Advantages include lower incidence of performance bottlenecks as the entire load is balanced over all nodes. There is high availability as some nodes (computers, mobile phones, servers) are always online. There is more autonomy over resources as each node controls its own behaviour.

Disadvantages include difficulties in big global tasks as there is no chain of command to perform certain tasks. There is no regulatory oversight and troubleshooting can be difficult when a node fails. Each node has to be pinged for availability checking and partitioning of work has to be done.

3. Distributed Data Architecture

It is a form of decentralised architecture where there can be peer-to-peer, client-server or n-tier architecture. For peer-to-peer architecture, all nodes are peers of one another working towards a common goal. For client-server architecture, some nodes become server nodes acting as coordinators. For n-tier architecture, different parts of an application are distributed in different nodes but they work together to function as an application.

Advantages include low latency due to greater geographical spread and faster response time.

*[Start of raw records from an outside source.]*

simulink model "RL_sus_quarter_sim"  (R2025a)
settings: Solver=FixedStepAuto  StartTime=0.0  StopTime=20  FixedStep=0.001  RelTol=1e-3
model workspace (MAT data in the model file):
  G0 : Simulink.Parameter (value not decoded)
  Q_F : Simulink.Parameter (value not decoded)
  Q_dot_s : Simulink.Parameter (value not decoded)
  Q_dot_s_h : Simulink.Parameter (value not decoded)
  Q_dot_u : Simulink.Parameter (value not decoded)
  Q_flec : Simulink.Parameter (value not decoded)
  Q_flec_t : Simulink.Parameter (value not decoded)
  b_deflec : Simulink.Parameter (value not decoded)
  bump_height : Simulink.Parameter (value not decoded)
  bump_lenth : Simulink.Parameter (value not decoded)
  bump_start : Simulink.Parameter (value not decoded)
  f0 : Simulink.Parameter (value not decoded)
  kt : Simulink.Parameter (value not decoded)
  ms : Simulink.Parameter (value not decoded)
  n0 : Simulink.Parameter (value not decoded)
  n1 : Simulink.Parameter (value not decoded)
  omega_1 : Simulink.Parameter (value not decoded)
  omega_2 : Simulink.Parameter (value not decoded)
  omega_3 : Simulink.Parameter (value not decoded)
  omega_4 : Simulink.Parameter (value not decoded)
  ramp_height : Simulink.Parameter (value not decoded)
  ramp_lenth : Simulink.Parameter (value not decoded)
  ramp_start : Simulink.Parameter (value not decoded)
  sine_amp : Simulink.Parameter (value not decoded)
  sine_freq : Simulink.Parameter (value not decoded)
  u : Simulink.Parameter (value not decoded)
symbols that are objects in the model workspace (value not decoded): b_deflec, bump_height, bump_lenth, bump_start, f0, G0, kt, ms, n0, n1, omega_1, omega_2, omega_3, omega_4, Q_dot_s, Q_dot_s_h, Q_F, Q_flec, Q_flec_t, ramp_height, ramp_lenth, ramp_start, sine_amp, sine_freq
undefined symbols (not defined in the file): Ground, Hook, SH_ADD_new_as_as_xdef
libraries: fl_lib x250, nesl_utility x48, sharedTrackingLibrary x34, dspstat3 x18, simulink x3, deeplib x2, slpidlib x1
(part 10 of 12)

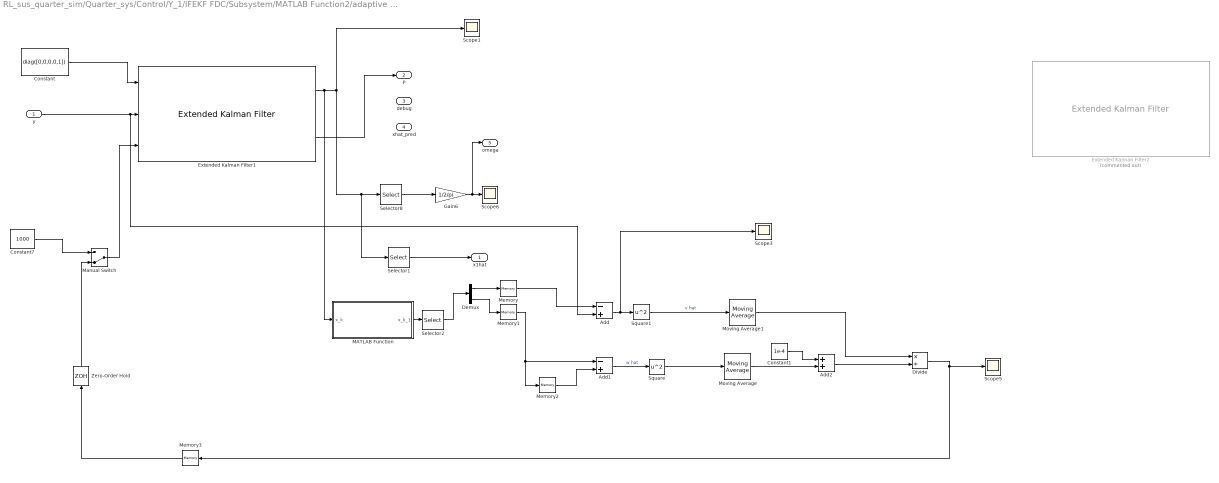
== system RL_sus_quarter_sim/Quarter_sys/Control/Y_1/IFEKF FDC/Subsystem/MATLAB Function2/adaptive IFEKF simple ==
  y : Inport
  Add : Sum  Inputs=-+
  Add1 : Sum  Inputs=-+
  Add2 : Sum
  Constant : Constant  Value=diag([0,0,0,0,1])
  Constant1 : Constant  Value=1e-4
  Constant7 : Constant  Value=1000  SampleTime=0.001
  Demux : Demux  Outputs=2
  Divide : Product  Inputs=*/
  Extended Kalman Filter1 : sharedTrackingLibrary/Extended Kalman Filter  StateTransitionFcn=IFEKF_tfcn_simp  HasStateTransitionJacobianFcn=on  StateTransitionJacobianFcn=IFEKF_jcob_fcn_simp  HasAdditiveProcessNoise=Additive  ProcessNoise=[0,0,1e-7,1e-10,0]  HasTimeVaryingProcessNoise=on  HasStateTransitionFcnExtraArgument=0  InitialState=[0;-1;0;-1;10*2*pi;]  InitialStateCovariance=[1e-1,1e-1,1e-1,1e-1,1e-5]  MeasurementFcn1=IFEKF_measure_fcn_simp  HasMeasurementJacobianFcn1=on  MeasurementJacobianFcn1=IFEKF_mea_jcob_fcn_simp  HasMeasurementEnablePort1=off  HasAdditiveMeasurementNoise1=Additive  MeasurementNoise1=0.0001  HasTimeVaryingMeasurementNoise1=on  HasMeasurementFcnExtraArgument1=0  HasMeasurementWrapping1=off  MeasurementFcn2=myMeasurementFcn  HasMeasurementJacobianFcn2=off  HasMeasurementEnablePort2=off  HasAdditiveMeasurementNoise2=Additive  MeasurementNoise2=1  HasTimeVaryingMeasurementNoise2=off  HasMeasurementFcnExtraArgument2=0  HasMeasurementWrapping2=off  MeasurementFcn3=myMeasurementFcn  HasMeasurementJacobianFcn3=off  HasMeasurementEnablePort3=off  HasAdditiveMeasurementNoise3=Additive  MeasurementNoise3=1  HasTimeVaryingMeasurementNoise3=off  HasMeasurementFcnExtraArgument3=0  HasMeasurementWrapping3=off  MeasurementFcn4=myMeasurementFcn  HasMeasurementJacobianFcn4=off  HasMeasurementEnablePort4=off  HasAdditiveMeasurementNoise4=Additive  MeasurementNoise4=1  HasTimeVaryingMeasurementNoise4=off  HasMeasurementFcnExtraArgument4=0  HasMeasurementWrapping4=off  MeasurementFcn5=myMeasurementFcn  HasMeasurementJacobianFcn5=off  HasMeasurementEnablePort5=off  HasAdditiveMeasurementNoise5=Additive  MeasurementNoise5=1  HasTimeVaryingMeasurementNoise5=off  HasMeasurementFcnExtraArgument5=0  HasMeasurementWrapping5=off  EnableMultirate=off  StateTransitionFcnSampleTime=1  MeasurementFcn1SampleTime=1  MeasurementFcn2SampleTime=1  MeasurementFcn3SampleTime=1  MeasurementFcn4SampleTime=1  MeasurementFcn5SampleTime=1  UseCurrentEstimator=off  OutputStateCovariance=on  DataType=double  SampleTime=0.001  NumberOfMeasurements=1
  Extended Kalman Filter2 : sharedTrackingLibrary/Extended Kalman Filter  Commented=on  StateTransitionFcn=IFEKF_tfcn_simp  HasStateTransitionJacobianFcn=on  StateTransitionJacobianFcn=IFEKF_jcob_fcn_simp  HasAdditiveProcessNoise=Additive  ProcessNoise=[0,0,1e-7,1e-10,0]  HasTimeVaryingProcessNoise=on  HasStateTransitionFcnExtraArgument=0  InitialState=[0;-1;0;-1;8*2*pi;]  InitialStateCovariance=[1e-1,1e-1,1e-1,1e-1,1e-5]  MeasurementFcn1=IFEKF_measure_fcn_simp  HasMeasurementJacobianFcn1=on  MeasurementJacobianFcn1=IFEKF_mea_jcob_fcn_simp  HasMeasurementEnablePort1=off  HasAdditiveMeasurementNoise1=Additive  MeasurementNoise1=0.0001  HasTimeVaryingMeasurementNoise1=on  HasMeasurementFcnExtraArgument1=0  HasMeasurementWrapping1=off  MeasurementFcn2=myMeasurementFcn  HasMeasurementJacobianFcn2=off  HasMeasurementEnablePort2=off  HasAdditiveMeasurementNoise2=Additive  MeasurementNoise2=1  HasTimeVaryingMeasurementNoise2=off  HasMeasurementFcnExtraArgument2=0  HasMeasurementWrapping2=off  MeasurementFcn3=myMeasurementFcn  HasMeasurementJacobianFcn3=off  HasMeasurementEnablePort3=off  HasAdditiveMeasurementNoise3=Additive  MeasurementNoise3=1  HasTimeVaryingMeasurementNoise3=off  HasMeasurementFcnExtraArgument3=0  HasMeasurementWrapping3=off  MeasurementFcn4=myMeasurementFcn  HasMeasurementJacobianFcn4=off  HasMeasurementEnablePort4=off  HasAdditiveMeasurementNoise4=Additive  MeasurementNoise4=1  HasTimeVaryingMeasurementNoise4=off  HasMeasurementFcnExtraArgument4=0  HasMeasurementWrapping4=off  MeasurementFcn5=myMeasurementFcn  HasMeasurementJacobianFcn5=off  HasMeasurementEnablePort5=off  HasAdditiveMeasurementNoise5=Additive  MeasurementNoise5=1  HasTimeVaryingMeasurementNoise5=off  HasMeasurementFcnExtraArgument5=0  HasMeasurementWrapping5=off  EnableMultirate=off  StateTransitionFcnSampleTime=1  MeasurementFcn1SampleTime=1  MeasurementFcn2SampleTime=1  MeasurementFcn3SampleTime=1  MeasurementFcn4SampleTime=1  MeasurementFcn5SampleTime=1  UseCurrentEstimator=off  OutputStateCovariance=on  DataType=double  SampleTime=0.001  NumberOfMeasurements=1
  Gain6 : Gain  Gain=1/2/pi
  MATLAB Function : MATLAB Function  TreatAsAtomicUnit=on
  Manual Switch : ManualSwitch  CurrentSetting=0
  Memory : Memory
  Memory1 : Memory  InitialCondition=2
  Memory2 : Memory  InitialCondition=1
  Memory3 : Memory  InitialCondition=10
  Moving Average : dspstat3/Moving Average  Method=Exponential weighting  ForgettingFactorPort=off  SpecifyWindowLength=off  WindowLength=100  OverlapLength=50  AllowArbitraryInputLength=on  ForgettingFactor=0.999  SimulateUsing=Interpreted execution
  Moving Average1 : dspstat3/Moving Average  Method=Exponential weighting  ForgettingFactorPort=off  SpecifyWindowLength=off  WindowLength=100  OverlapLength=50  AllowArbitraryInputLength=on  ForgettingFactor=0.995  SimulateUsing=Interpreted execution
  Scope{1,3,5..6} (4 alike) : Scope
      Scope1 settings: ActiveDisplayYMinimum=-543.51762  ActiveDisplayYMaximum=583.84894  DataLoggingVariableName=ScopeData3
      Scope3 settings: ActiveDisplayYMinimum=-2.16466  ActiveDisplayYMaximum=0.26631  DataLoggingVariableName=ScopeData4
      Scope5 settings: ActiveDisplayYMinimum=-0.0003  ActiveDisplayYMaximum=0.00266  DataLoggingVariableName=ScopeData6
      Scope6 settings: ActiveDisplayYMinimum=5.69068  ActiveDisplayYMaximum=19.94579  DataLoggingVariableName=ScopeData8
  Selector1 : Selector  InputPortWidth=5  IndexOptions=Index vector (dialog)  Indices=[1]  OutputSizes=1
  Selector2 : Selector  InputPortWidth=5  IndexOptions=Index vector (dialog)  Indices=[1 5]  OutputSizes=1
  Selector8 : Selector  InputPortWidth=5  IndexOptions=Index vector (dialog)  Indices=[5]  OutputSizes=1
  Square : Math  Operator=square
  Square1 : Math  Operator=square
  Zero-Order Hold : ZeroOrderHold  SampleTime=0.001
  x1hat : Outport
  P : Outport  Port=2
  debug : Outport  Port=3
  xhat_pred : Outport  Port=4
  omega : Outport  Port=5
  wires:
  Add1/1 -> Square/1  "w hat"
  Demux/2 -> Memory1/1
  Constant1/1 -> Add2/1
  Zero-Order Hold/1 -> Manual Switch/2
  Memory2/1 -> Add1/2
  Manual Switch/1 -> Extended Kalman Filter1/3
  MATLAB Function/1(x_k_1) -> Selector2/1
  Moving Average1/1 -> Divide/1
  Selector2/1 -> Demux/1
  Add2/1 -> Divide/2
  Constant/1 -> Extended Kalman Filter1/1
  Selector1/1 -> x1hat/1
  Moving Average/1 -> Add2/2
  Memory/1 -> Add/1
  Extended Kalman Filter1/1 -> MATLAB Function/1(x_k), Scope1/1, Selector8/1, Selector1/1
  y/1 -> Add/2, Extended Kalman Filter1/2
  Memory1/1 -> Add1/1, Memory2/1
  Square/1 -> Moving Average/1
  Square1/1 -> Moving Average1/1  "v hat"
  Extended Kalman Filter1/2 -> P/1
  Divide/1 -> Memory3/1, Scope5/1
  Selector8/1 -> Gain6/1
  Demux/1 -> Memory/1
  Add/1 -> Scope3/1, Square1/1
  Memory3/1 -> Zero-Order Hold/1
  Gain6/1 -> Scope6/1, omega/1
  Constant7/1 -> Manual Switch/1

== system RL_sus_quarter_sim/Quarter_sys/Control/Y_1/IFEKF SHADD/Subsystem/MATLAB Function2/EKF epsilon ==
  y : Inport
  epsilon : Inport  Port=2
  Constant : Constant  Value=diag([0,0,1,0])
  Constant7 : Constant  Value=500  SampleTime=0.001
  Extended Kalman Filter1 : sharedTrackingLibrary/Extended Kalman Filter  StateTransitionFcn=IFEKF_tfcn_ep  HasStateTransitionJacobianFcn=on  StateTransitionJacobianFcn=IFEKF_jcob_fcn_ep  HasAdditiveProcessNoise=Additive  ProcessNoise=[0,0,1e-7,1e-10]  HasTimeVaryingProcessNoise=on  HasStateTransitionFcnExtraArgument=1  InitialState=[0;-0.2;1*2*pi;0.2;]  InitialStateCovariance=[1e-1,1e-1,1e-1,1e-5]  MeasurementFcn1=IFEKF_measure_fcn_mod  HasMeasurementJacobianFcn1=on  MeasurementJacobianFcn1=IFEKF_mea_jcob_fcn_mod  HasMeasurementEnablePort1=off  HasAdditiveMeasurementNoise1=Additive  MeasurementNoise1=0.0001  HasTimeVaryingMeasurementNoise1=on  HasMeasurementFcnExtraArgument1=0  HasMeasurementWrapping1=off  MeasurementFcn2=myMeasurementFcn  HasMeasurementJacobianFcn2=off  HasMeasurementEnablePort2=off  HasAdditiveMeasurementNoise2=Additive  MeasurementNoise2=1  HasTimeVaryingMeasurementNoise2=off  HasMeasurementFcnExtraArgument2=0  HasMeasurementWrapping2=off  MeasurementFcn3=myMeasurementFcn  HasMeasurementJacobianFcn3=off  HasMeasurementEnablePort3=off  HasAdditiveMeasurementNoise3=Additive  MeasurementNoise3=1  HasTimeVaryingMeasurementNoise3=off  HasMeasurementFcnExtraArgument3=0  HasMeasurementWrapping3=off  MeasurementFcn4=myMeasurementFcn  HasMeasurementJacobianFcn4=off  HasMeasurementEnablePort4=off  HasAdditiveMeasurementNoise4=Additive  MeasurementNoise4=1  HasTimeVaryingMeasurementNoise4=off  HasMeasurementFcnExtraArgument4=0  HasMeasurementWrapping4=off  MeasurementFcn5=myMeasurementFcn  HasMeasurementJacobianFcn5=off  HasMeasurementEnablePort5=off  HasAdditiveMeasurementNoise5=Additive  MeasurementNoise5=1  HasTimeVaryingMeasurementNoise5=off  HasMeasurementFcnExtraArgument5=0  HasMeasurementWrapping5=off  EnableMultirate=off  StateTransitionFcnSampleTime=1  MeasurementFcn1SampleTime=1  MeasurementFcn2SampleTime=1  MeasurementFcn3SampleTime=1  MeasurementFcn4SampleTime=1  MeasurementFcn5SampleTime=1  UseCurrentEstimator=off  OutputStateCovariance=on  DataType=double  SampleTime=0.001  NumberOfMeasurements=1
  Gain6 : Gain  Gain=1/2/pi
  Scope6 : Scope
      settings: ActiveDisplayYMinimum=-0.3996  ActiveDisplayYMaximum=6.53697  DataLoggingVariableName=ScopeData2
  Selector1 : Selector  InputPortWidth=4  IndexOptions=Index vector (dialog)  Indices=[1]  OutputSizes=1
  Selector8 : Selector  InputPortWidth=4  IndexOptions=Index vector (dialog)  Indices=[3]  OutputSizes=1
  x1hat : Outport
  P : Outport  Port=2
  debug : Outport  Port=3
  xhat_pred : Outport  Port=4
  y_residual : Outport  Port=5
  omega : Outport  Port=6
  wires:
  Selector1/1 -> x1hat/1
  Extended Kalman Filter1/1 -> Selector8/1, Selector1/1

Disadvantages include difficulties in achieving consensus and it is not possible to use conventional methodologies of logging events by absolute time.

Conclusion

Essentially, I feel that a decentralised or distributed data architecture can best support ABC’s plans and its key principles. This is because I feel that the advantages of a decentralised or distributed data architecture can best help us to achieve our objectives based on the abovementioned comparisons.